(Task data)
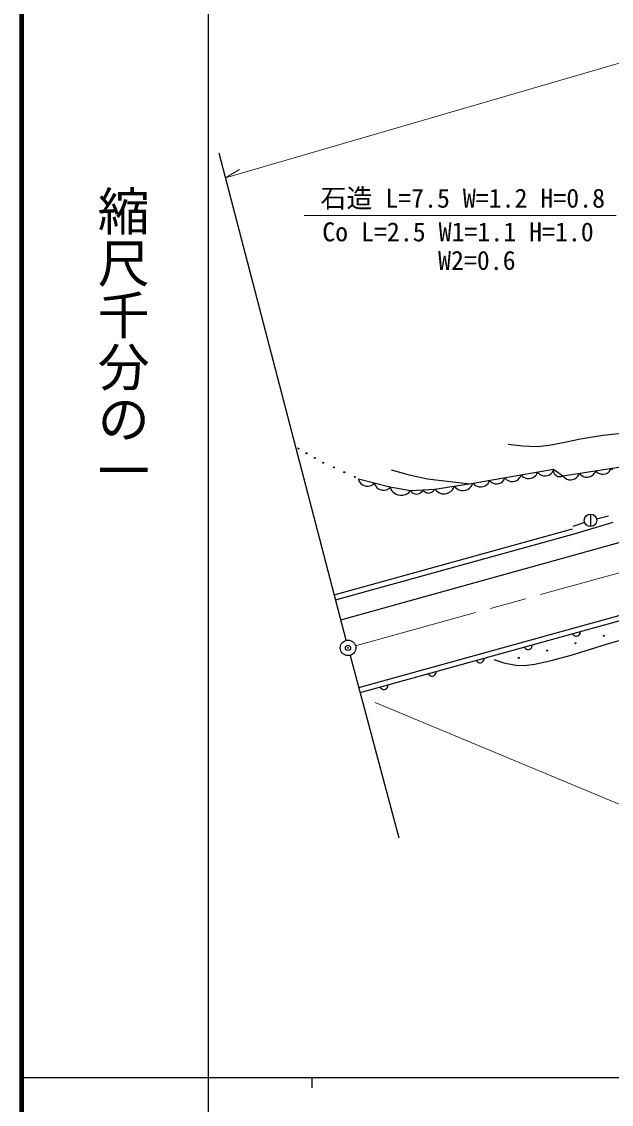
# Model space of a CAD drawing. Units: millimetres, scale not verified. Extents: x 40000 to 680000, y 20000 to 380000.
# Drawn here: x 40000 to 96882, y 202409 to 306771 of the extents above; entities that cross this region are included whole.
import ezdxf
from ezdxf.enums import TextEntityAlignment as Align

# ---------------------------------------------------------------- set-up
doc = ezdxf.new("R2010")
doc.units = ezdxf.units.MM
doc.header["$LTSCALE"] = 1000
doc.header["$PDMODE"] = 32
doc.header["$PDSIZE"] = 500
doc.linetypes.add('CHAIN', pattern=[18.5, 12, -1.5, 3.5, -1.5])
for name, color, linetype, lineweight in [('M-BGD', 7, 'Continuous', 25), ('M-BMK', 2, 'CHAIN', 13), ('M-BMK-OTRS', 5, 'Continuous', 25), ('M-BMK-SRVR', 3, 'Continuous', 25), ('M-STR-HTXT', 7, 'Continuous', 13), ('M-STR-STRC', 7, 'Continuous', 25), ('M-TTL', 2, 'Continuous', 140), ('M-TTL-BAND', 7, 'Continuous', 25)]:
    doc.layers.add(name, color=color, linetype=linetype, lineweight=lineweight)
doc.layers.add('M-OTRS', color=6, linetype='Continuous')
doc.styles.add('@ＭＳ ゴシック', font='')
doc.styles.add('ＭＳ ゴシック', font='')
doc.styles.get('@ＭＳ ゴシック').set_extended_font_data('@MS Gothic')
doc.styles.get('ＭＳ ゴシック').set_extended_font_data('MS Gothic')

msp = doc.modelspace()

# ---------------------------------------------------------------- linework, layer by layer
at = {"layer": 'M-BGD'}
for p, q in [((92214, 262983), (104710, 264971)), ((83552, 262273), (91291, 263622)), ((88116, 262906), (88183, 263080)), ((88183, 263080), (88305, 262939)), ((89504, 262953), (89614, 263069)), ((89614, 263069), (89692, 263180)), ((89692, 263180), (89759, 263354)), ((89759, 263354), (89881, 263213)), ((89881, 263213), (89992, 263135)), ((89992, 263135), (90135, 263063)), ((90135, 263063), (90340, 263001)), ((90340, 263001), (90535, 263002)), ((90535, 263002), (90724, 263035)), ((90724, 263035), (90908, 263100)), ((90908, 263100), (91080, 263227)), ((91080, 263227), (91190, 263344)), ((91190, 263344), (91268, 263455)), ((91268, 263455), (91335, 263629)), ((91291, 263622), (91283, 263494)), ((91283, 263494), (91300, 263402)), ((91291, 263622), (92214, 262983)), ((91300, 263402), (91334, 263297)), ((91334, 263297), (91405, 263168)), ((91405, 263168), (91501, 263075)), ((91501, 263075), (91610, 263000)), ((91610, 263000), (91731, 262943)), ((92079, 262943), (92196, 262995)), ((93645, 262951), (93725, 263061)), ((93725, 263061), (93794, 263234)), ((93794, 263234), (93914, 263091)), ((93914, 263091), (94024, 263011)), ((94024, 263011), (94166, 262937)), ((94939, 262962), (95114, 263087)), ((95114, 263087), (95225, 263202)), ((95225, 263202), (95305, 263312)), ((95305, 263312), (95375, 263485)), ((95375, 263485), (95487, 263351)), ((95487, 263351), (95590, 263277)), ((95590, 263277), (95723, 263207)), ((95723, 263207), (95915, 263146)), ((95915, 263146), (96097, 263145)), ((96097, 263145), (96275, 263173)), ((96275, 263173), (96448, 263231)), ((96448, 263231), (96612, 263348)), ((96612, 263348), (96716, 263456)), ((96716, 263456), (96791, 263559)), ((96791, 263559), (96856, 263721)), ((96856, 263721), (96976, 263578)), ((72477, 262699), (75530, 261918)), ((72477, 262699), (72530, 262520)), ((72530, 262520), (72599, 262403)), ((72599, 262403), (72699, 262278)), ((72699, 262278), (72862, 262138)), ((72862, 262138), (73040, 262059)), ((73040, 262059), (73226, 262012)), ((73226, 262012), (73420, 261995)), ((73420, 261995), (73629, 262040)), ((73629, 262040), (73777, 262102)), ((73777, 262102), (73894, 262171)), ((73894, 262171), (74027, 262302)), ((74027, 262302), (74080, 262123)), ((74080, 262123), (74149, 262006)), ((74149, 262006), (74250, 261882)), ((79861, 261705), (83552, 262273)), ((81655, 261788), (81738, 261994)), ((81738, 261994), (81873, 261832)), ((83222, 261821), (83348, 261950)), ((83348, 261950), (83438, 262073)), ((83438, 262073), (83518, 262267)), ((83552, 262273), (83675, 262131)), ((83675, 262131), (83786, 262053)), ((83786, 262053), (83928, 261981)), ((83928, 261981), (84134, 261919)), ((84328, 261921), (84518, 261954)), ((84518, 261954), (84701, 262018)), ((84701, 262018), (84874, 262146)), ((84874, 262146), (84984, 262262)), ((84984, 262262), (85062, 262373)), ((85062, 262373), (85129, 262547)), ((85129, 262547), (85243, 262415)), ((85243, 262415), (85347, 262342)), ((85347, 262342), (85481, 262274)), ((85481, 262274), (85674, 262216)), ((85674, 262216), (85856, 262217)), ((85856, 262217), (86034, 262248)), ((86034, 262248), (86206, 262309)), ((86206, 262309), (86368, 262428)), ((86368, 262428), (86470, 262538)), ((86470, 262538), (86544, 262642)), ((86544, 262642), (86606, 262805)), ((86606, 262805), (86728, 262664)), ((86728, 262664), (86840, 262586)), ((86840, 262586), (86982, 262513)), ((86982, 262513), (87188, 262452)), ((87188, 262452), (87382, 262453)), ((87382, 262453), (87572, 262486)), ((87572, 262486), (87755, 262550)), ((87755, 262550), (87928, 262678)), ((87928, 262678), (88037, 262795)), ((88037, 262795), (88116, 262906)), ((88305, 262939), (88416, 262860)), ((88416, 262860), (88558, 262788)), ((88558, 262788), (88764, 262726)), ((88764, 262726), (88959, 262728)), ((88959, 262728), (89148, 262761)), ((89148, 262761), (89331, 262825)), ((89331, 262825), (89504, 262953)), ((91731, 262943), (91877, 262922)), ((91877, 262922), (91987, 262926)), ((91987, 262926), (92079, 262943)), ((92214, 262983), (92334, 262840)), ((92334, 262840), (92444, 262760)), ((92444, 262760), (92586, 262685)), ((92586, 262685), (92790, 262621)), ((92790, 262621), (92985, 262619)), ((92985, 262619), (93175, 262649)), ((93175, 262649), (93359, 262711)), ((93359, 262711), (93534, 262836)), ((93534, 262836), (93645, 262951)), ((94166, 262937), (94371, 262872)), ((94371, 262872), (94565, 262871)), ((94565, 262871), (94755, 262901)), ((94755, 262901), (94939, 262962)), ((74250, 261882), (74412, 261741)), ((74412, 261741), (74590, 261663)), ((74590, 261663), (74776, 261615)), ((74776, 261615), (74970, 261598)), ((74970, 261598), (75180, 261644)), ((75180, 261644), (75327, 261705)), ((75327, 261705), (75444, 261774)), ((75444, 261774), (75577, 261906)), ((75530, 261918), (77518, 261563)), ((75530, 261918), (75613, 261700)), ((75613, 261700), (75710, 261560)), ((75710, 261560), (75846, 261414)), ((75846, 261414), (76061, 261254)), ((76061, 261254), (76290, 261172)), ((76290, 261172), (76527, 261130)), ((76527, 261130), (76770, 261127)), ((76770, 261127), (77027, 261203)), ((77027, 261203), (77206, 261293)), ((77206, 261293), (77345, 261390)), ((77345, 261390), (77498, 261566)), ((77518, 261563), (79861, 261705)), ((77518, 261563), (77597, 261447)), ((77597, 261447), (77673, 261380)), ((77673, 261380), (77773, 261314)), ((77773, 261314), (77921, 261250)), ((77921, 261250), (78066, 261235)), ((78066, 261235), (78210, 261244)), ((78210, 261244), (78352, 261277)), ((78352, 261277), (78492, 261357)), ((78492, 261357), (78583, 261435)), ((78583, 261435), (78651, 261511)), ((78651, 261511), (78715, 261635)), ((78715, 261635), (78788, 261529)), ((78788, 261529), (78858, 261468)), ((78858, 261468), (78950, 261407)), ((78950, 261407), (79085, 261349)), ((79085, 261349), (79218, 261335)), ((79218, 261335), (79350, 261343)), ((79350, 261343), (79481, 261373)), ((79481, 261373), (79608, 261447)), ((79608, 261447), (79692, 261518)), ((79692, 261518), (79754, 261588)), ((79754, 261588), (79813, 261702)), ((79861, 261705), (80002, 261534)), ((80002, 261534), (80132, 261439)), ((80132, 261439), (80300, 261349)), ((80300, 261349), (80542, 261271)), ((80542, 261271), (80773, 261268)), ((80773, 261268), (80999, 261303)), ((80999, 261303), (81218, 261375)), ((81218, 261375), (81426, 261523)), ((81426, 261523), (81559, 261658)), ((81559, 261658), (81655, 261788)), ((81873, 261832), (81996, 261742)), ((81996, 261742), (82154, 261657)), ((82154, 261657), (82384, 261583)), ((82384, 261583), (82603, 261580)), ((82603, 261580), (82817, 261613)), ((82817, 261613), (83025, 261682)), ((83025, 261682), (83222, 261821)), ((84134, 261919), (84328, 261921)), ((94865, 259303), (94865, 258103)), ((95446, 258852), (96608, 259151)), ((70146, 251514), (93146, 257885)), ((94298, 258506), (93165, 258111)), ((93285, 257405), (97048, 258540)), ((70279, 251032), (93285, 257405)), ((72508, 242584), (109604, 252869)), ((72637, 242101), (109737, 252388)), ((93121, 247780), (93177, 247696)), ((93177, 247696), (93245, 247632)), ((93245, 247632), (93343, 247577)), ((93343, 247577), (93433, 247552)), ((93433, 247552), (93534, 247546)), ((93534, 247546), (93657, 247581)), ((93657, 247581), (93741, 247637)), ((93741, 247637), (93806, 247705)), ((93806, 247705), (93861, 247803)), ((93861, 247803), (93886, 247893)), ((93886, 247893), (93891, 247994)), ((88483, 246495), (88540, 246411)), ((88540, 246411), (88607, 246346)), ((88607, 246346), (88706, 246291)), ((88897, 246261), (89020, 246295)), ((89020, 246295), (89104, 246351)), ((89104, 246351), (89168, 246419)), ((89168, 246419), (89224, 246517)), ((89224, 246517), (89249, 246607)), ((89249, 246607), (89254, 246708)), ((84586, 245232), (84611, 245322)), ((84611, 245322), (84616, 245423)), ((88706, 246291), (88796, 246266)), ((88796, 246266), (88897, 246261)), ((83846, 245209), (83902, 245125)), ((83902, 245125), (83970, 245061)), ((83970, 245061), (84068, 245005)), ((84068, 245005), (84158, 244980)), ((84158, 244980), (84259, 244975)), ((84259, 244975), (84382, 245009)), ((84382, 245009), (84466, 245066)), ((84466, 245066), (84531, 245133)), ((84531, 245133), (84586, 245232)), ((79208, 243923), (79265, 243839)), ((79265, 243839), (79332, 243775)), ((79332, 243775), (79431, 243719)), ((79431, 243719), (79521, 243694)), ((79521, 243694), (79622, 243689)), ((79622, 243689), (79745, 243723)), ((79745, 243723), (79829, 243780)), ((79829, 243780), (79893, 243847)), ((79893, 243847), (79949, 243946)), ((79949, 243946), (79974, 244036)), ((79974, 244036), (79979, 244137)), ((74571, 242637), (74627, 242553)), ((74627, 242553), (74695, 242489)), ((74695, 242489), (74793, 242433)), ((74793, 242433), (74883, 242409)), ((74883, 242409), (74984, 242403)), ((74984, 242403), (75107, 242438)), ((75107, 242438), (75191, 242494)), ((75191, 242494), (75256, 242562)), ((75256, 242562), (75311, 242660)), ((75311, 242660), (75336, 242750)), ((75336, 242750), (75341, 242851))]:
    msp.add_line(p, q, dxfattribs=at)
for points in [[(86927, 266048), (88327, 265879), (89721, 265826), (90896, 265945), (92076, 266177), (93892, 266559), (96069, 266898), (105708, 267921), (115255, 269242), (124556, 270094)], [(75638, 263563), (77377, 263086), (79156, 262715), (83233, 262223)], [(85547, 245284), (86509, 244976), (87679, 244740), (88485, 244725), (89485, 244841), (91072, 245183), (92999, 245716), (96838, 246886), (100890, 248010)]]:
    msp.add_lwpolyline(points, dxfattribs=at)
for centre, radius in [((66694, 265615), 50), ((67489, 265161), 50), ((68284, 264707), 50), ((69079, 264252), 50), ((70102, 263798), 50), ((71124, 263343), 50), ((72147, 262889), 50), ((94865, 258703), 600), ((96158, 247573), 50), ((93421, 246860), 50), ((87947, 245433), 50), ((90684, 246147), 50)]:
    msp.add_circle(centre, radius, dxfattribs=at)
at = {"layer": 'M-BMK'}
msp.add_line((72207, 246611), (167206, 272909), dxfattribs=at)
at = {"layer": 'M-BMK-OTRS'}
for p, q in [((71295, 247136), (59053, 294094)), ((71678, 245686), (76387, 228087))]:
    msp.add_line(p, q, dxfattribs=at)
at = {"layer": 'M-BMK-SRVR'}
for radius in [750, 30]:
    msp.add_circle((71484, 246410), radius, dxfattribs=at)
at = {"layer": 'M-OTRS'}
msp.add_point((71484, 246410), dxfattribs=at)
at = {"layer": 'M-STR-HTXT'}
for p, q in [((59677, 291703), (230966, 341643)), ((59677, 291703), (60999, 292526)), ((97348, 288087), (67252, 288087)), ((74085, 241148), (102218, 229433))]:
    msp.add_line(p, q, dxfattribs=at)
at = {"layer": 'M-STR-STRC'}
msp.add_line((70776, 249126), (139528, 268161), dxfattribs=at)
at = {"layer": 'M-TTL'}
msp.add_line((40000, 380000), (40000, 20000), dxfattribs=at)
at = {"layer": 'M-TTL-BAND'}
for p, q in [((58000, 370000), (58000, 20000)), ((40000, 205000), (579000, 205000)), ((68000, 205000), (68000, 204000))]:
    msp.add_line(p, q, dxfattribs=at)

# ---------------------------------------------------------------- texts
at = {"layer": 'M-STR-HTXT', "style": 'ＭＳ ゴシック'}
for s, p in [('石造 L=7.5 W=1.2 H=0.8', (82551, 289757)), ('Co L=2.5 W1=1.1 H=1.0', (82090, 286510)), ('W2=0.6', (83907, 283760))]:
    msp.add_text(s, height=1833, dxfattribs=at).set_placement(p, align=Align.MIDDLE_CENTER)
at = {"layer": 'M-TTL-BAND', "style": '@ＭＳ ゴシック'}
msp.add_text('縮尺千分の一', height=3666, rotation=270, dxfattribs=at).set_placement((49777, 261030), align=Align.MIDDLE_RIGHT)

doc.saveas('drawing.dxf')

(Exercise objective) Look through the listing above and give the number of lines containing the string "HTXT", with nothing else.

(Result) 3